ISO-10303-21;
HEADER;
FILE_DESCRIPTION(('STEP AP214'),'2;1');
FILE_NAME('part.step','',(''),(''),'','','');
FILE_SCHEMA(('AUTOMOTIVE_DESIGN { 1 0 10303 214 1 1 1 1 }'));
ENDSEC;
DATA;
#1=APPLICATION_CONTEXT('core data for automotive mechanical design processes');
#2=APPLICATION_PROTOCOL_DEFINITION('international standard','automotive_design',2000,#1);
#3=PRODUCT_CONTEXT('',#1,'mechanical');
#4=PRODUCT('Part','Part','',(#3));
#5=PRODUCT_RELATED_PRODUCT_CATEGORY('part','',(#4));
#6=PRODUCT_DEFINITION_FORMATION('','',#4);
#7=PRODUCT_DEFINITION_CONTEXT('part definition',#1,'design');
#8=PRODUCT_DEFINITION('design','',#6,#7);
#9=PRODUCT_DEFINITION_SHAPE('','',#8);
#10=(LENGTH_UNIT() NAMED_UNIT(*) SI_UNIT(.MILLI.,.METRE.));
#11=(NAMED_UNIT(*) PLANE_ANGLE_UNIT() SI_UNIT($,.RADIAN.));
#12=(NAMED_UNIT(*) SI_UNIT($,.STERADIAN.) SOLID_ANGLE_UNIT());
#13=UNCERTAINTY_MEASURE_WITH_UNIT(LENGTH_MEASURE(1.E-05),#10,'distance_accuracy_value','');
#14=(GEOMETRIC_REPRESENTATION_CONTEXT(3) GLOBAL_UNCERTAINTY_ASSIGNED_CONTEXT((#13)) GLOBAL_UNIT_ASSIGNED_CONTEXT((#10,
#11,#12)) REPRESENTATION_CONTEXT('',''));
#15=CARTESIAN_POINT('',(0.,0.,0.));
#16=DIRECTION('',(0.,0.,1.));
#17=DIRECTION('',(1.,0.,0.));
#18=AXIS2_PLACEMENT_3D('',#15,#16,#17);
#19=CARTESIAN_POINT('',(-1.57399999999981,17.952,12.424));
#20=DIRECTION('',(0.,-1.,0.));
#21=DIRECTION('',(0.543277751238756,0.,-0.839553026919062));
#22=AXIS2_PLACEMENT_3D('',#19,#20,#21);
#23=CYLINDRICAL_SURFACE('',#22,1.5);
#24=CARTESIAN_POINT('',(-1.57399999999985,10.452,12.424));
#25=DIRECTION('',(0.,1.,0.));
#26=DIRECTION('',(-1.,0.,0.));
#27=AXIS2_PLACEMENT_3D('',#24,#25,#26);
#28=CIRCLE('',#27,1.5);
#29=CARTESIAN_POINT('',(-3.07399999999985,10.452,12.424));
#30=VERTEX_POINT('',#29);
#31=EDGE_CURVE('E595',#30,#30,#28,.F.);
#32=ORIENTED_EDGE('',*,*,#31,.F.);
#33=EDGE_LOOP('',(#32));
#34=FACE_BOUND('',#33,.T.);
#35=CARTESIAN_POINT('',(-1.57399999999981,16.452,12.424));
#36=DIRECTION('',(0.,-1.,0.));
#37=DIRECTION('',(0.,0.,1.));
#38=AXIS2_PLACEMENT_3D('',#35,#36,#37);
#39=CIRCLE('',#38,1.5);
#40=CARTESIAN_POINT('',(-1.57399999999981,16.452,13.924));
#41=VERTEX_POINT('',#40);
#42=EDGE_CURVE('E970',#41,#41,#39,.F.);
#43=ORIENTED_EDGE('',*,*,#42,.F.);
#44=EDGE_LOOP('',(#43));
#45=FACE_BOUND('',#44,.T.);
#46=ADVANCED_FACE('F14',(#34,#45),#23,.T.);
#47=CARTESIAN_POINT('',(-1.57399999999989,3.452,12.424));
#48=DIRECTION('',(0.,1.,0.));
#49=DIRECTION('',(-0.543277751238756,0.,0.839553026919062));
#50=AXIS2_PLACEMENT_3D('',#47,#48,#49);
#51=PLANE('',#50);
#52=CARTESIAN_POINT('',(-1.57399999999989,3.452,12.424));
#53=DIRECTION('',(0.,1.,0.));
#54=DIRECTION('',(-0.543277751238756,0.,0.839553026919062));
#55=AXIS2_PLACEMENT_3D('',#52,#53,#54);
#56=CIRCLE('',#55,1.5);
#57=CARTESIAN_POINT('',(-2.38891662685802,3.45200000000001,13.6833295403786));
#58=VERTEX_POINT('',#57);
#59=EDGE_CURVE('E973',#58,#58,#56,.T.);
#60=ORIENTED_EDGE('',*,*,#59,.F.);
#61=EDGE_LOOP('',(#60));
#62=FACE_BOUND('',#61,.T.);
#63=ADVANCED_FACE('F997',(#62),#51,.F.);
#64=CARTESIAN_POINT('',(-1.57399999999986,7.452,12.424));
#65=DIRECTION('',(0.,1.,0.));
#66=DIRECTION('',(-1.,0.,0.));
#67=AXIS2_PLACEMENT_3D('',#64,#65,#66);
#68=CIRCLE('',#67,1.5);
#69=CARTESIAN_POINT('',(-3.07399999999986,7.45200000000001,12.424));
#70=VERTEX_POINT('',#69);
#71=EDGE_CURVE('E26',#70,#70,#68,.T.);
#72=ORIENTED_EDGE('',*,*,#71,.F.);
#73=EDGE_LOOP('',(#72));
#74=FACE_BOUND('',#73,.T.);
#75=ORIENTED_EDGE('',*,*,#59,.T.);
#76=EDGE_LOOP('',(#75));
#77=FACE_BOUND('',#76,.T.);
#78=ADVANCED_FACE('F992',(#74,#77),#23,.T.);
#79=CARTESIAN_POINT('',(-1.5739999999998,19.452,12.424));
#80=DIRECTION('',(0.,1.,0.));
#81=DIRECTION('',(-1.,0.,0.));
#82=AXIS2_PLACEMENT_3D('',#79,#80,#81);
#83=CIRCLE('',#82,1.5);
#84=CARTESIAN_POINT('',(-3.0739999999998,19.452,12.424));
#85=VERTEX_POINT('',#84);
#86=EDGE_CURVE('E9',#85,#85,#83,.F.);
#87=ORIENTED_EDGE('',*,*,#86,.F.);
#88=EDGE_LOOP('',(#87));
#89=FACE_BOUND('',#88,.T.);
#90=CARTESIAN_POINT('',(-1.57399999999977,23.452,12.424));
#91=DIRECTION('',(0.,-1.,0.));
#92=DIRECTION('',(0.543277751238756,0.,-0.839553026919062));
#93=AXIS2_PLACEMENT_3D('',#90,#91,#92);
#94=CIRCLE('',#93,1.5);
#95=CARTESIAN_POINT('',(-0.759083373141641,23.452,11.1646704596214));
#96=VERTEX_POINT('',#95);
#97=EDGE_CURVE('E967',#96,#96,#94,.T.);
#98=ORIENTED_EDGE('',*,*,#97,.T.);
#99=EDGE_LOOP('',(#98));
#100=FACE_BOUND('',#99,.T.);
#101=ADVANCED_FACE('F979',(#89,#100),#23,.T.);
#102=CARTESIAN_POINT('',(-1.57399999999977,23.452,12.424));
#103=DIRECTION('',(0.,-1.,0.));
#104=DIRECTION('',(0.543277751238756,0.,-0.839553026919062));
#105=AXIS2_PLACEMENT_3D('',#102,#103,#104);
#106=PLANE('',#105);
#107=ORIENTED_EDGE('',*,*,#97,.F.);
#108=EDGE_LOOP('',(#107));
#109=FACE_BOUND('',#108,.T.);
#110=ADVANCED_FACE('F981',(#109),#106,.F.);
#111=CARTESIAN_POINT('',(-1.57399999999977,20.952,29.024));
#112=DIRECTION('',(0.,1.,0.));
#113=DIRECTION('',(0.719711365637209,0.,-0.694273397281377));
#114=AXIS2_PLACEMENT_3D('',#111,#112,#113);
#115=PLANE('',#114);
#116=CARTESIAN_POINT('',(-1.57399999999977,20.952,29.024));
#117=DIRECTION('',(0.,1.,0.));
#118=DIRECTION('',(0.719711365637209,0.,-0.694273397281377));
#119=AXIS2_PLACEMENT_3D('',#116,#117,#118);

Task to carry out:
Reproduce the listing above exactly, but only from its first line through the line holding "#36=DIRECTION('',(0.,-1.,0.));"; both of those lines are included.

Result of this task:
ISO-10303-21;
HEADER;
FILE_DESCRIPTION(('STEP AP214'),'2;1');
FILE_NAME('part.step','',(''),(''),'','','');
FILE_SCHEMA(('AUTOMOTIVE_DESIGN { 1 0 10303 214 1 1 1 1 }'));
ENDSEC;
DATA;
#1=APPLICATION_CONTEXT('core data for automotive mechanical design processes');
#2=APPLICATION_PROTOCOL_DEFINITION('international standard','automotive_design',2000,#1);
#3=PRODUCT_CONTEXT('',#1,'mechanical');
#4=PRODUCT('Part','Part','',(#3));
#5=PRODUCT_RELATED_PRODUCT_CATEGORY('part','',(#4));
#6=PRODUCT_DEFINITION_FORMATION('','',#4);
#7=PRODUCT_DEFINITION_CONTEXT('part definition',#1,'design');
#8=PRODUCT_DEFINITION('design','',#6,#7);
#9=PRODUCT_DEFINITION_SHAPE('','',#8);
#10=(LENGTH_UNIT() NAMED_UNIT(*) SI_UNIT(.MILLI.,.METRE.));
#11=(NAMED_UNIT(*) PLANE_ANGLE_UNIT() SI_UNIT($,.RADIAN.));
#12=(NAMED_UNIT(*) SI_UNIT($,.STERADIAN.) SOLID_ANGLE_UNIT());
#13=UNCERTAINTY_MEASURE_WITH_UNIT(LENGTH_MEASURE(1.E-05),#10,'distance_accuracy_value','');
#14=(GEOMETRIC_REPRESENTATION_CONTEXT(3) GLOBAL_UNCERTAINTY_ASSIGNED_CONTEXT((#13)) GLOBAL_UNIT_ASSIGNED_CONTEXT((#10,
#11,#12)) REPRESENTATION_CONTEXT('',''));
#15=CARTESIAN_POINT('',(0.,0.,0.));
#16=DIRECTION('',(0.,0.,1.));
#17=DIRECTION('',(1.,0.,0.));
#18=AXIS2_PLACEMENT_3D('',#15,#16,#17);
#19=CARTESIAN_POINT('',(-1.57399999999981,17.952,12.424));
#20=DIRECTION('',(0.,-1.,0.));
#21=DIRECTION('',(0.543277751238756,0.,-0.839553026919062));
#22=AXIS2_PLACEMENT_3D('',#19,#20,#21);
#23=CYLINDRICAL_SURFACE('',#22,1.5);
#24=CARTESIAN_POINT('',(-1.57399999999985,10.452,12.424));
#25=DIRECTION('',(0.,1.,0.));
#26=DIRECTION('',(-1.,0.,0.));
#27=AXIS2_PLACEMENT_3D('',#24,#25,#26);
#28=CIRCLE('',#27,1.5);
#29=CARTESIAN_POINT('',(-3.07399999999985,10.452,12.424));
#30=VERTEX_POINT('',#29);
#31=EDGE_CURVE('E595',#30,#30,#28,.F.);
#32=ORIENTED_EDGE('',*,*,#31,.F.);
#33=EDGE_LOOP('',(#32));
#34=FACE_BOUND('',#33,.T.);
#35=CARTESIAN_POINT('',(-1.57399999999981,16.452,12.424));
#36=DIRECTION('',(0.,-1.,0.));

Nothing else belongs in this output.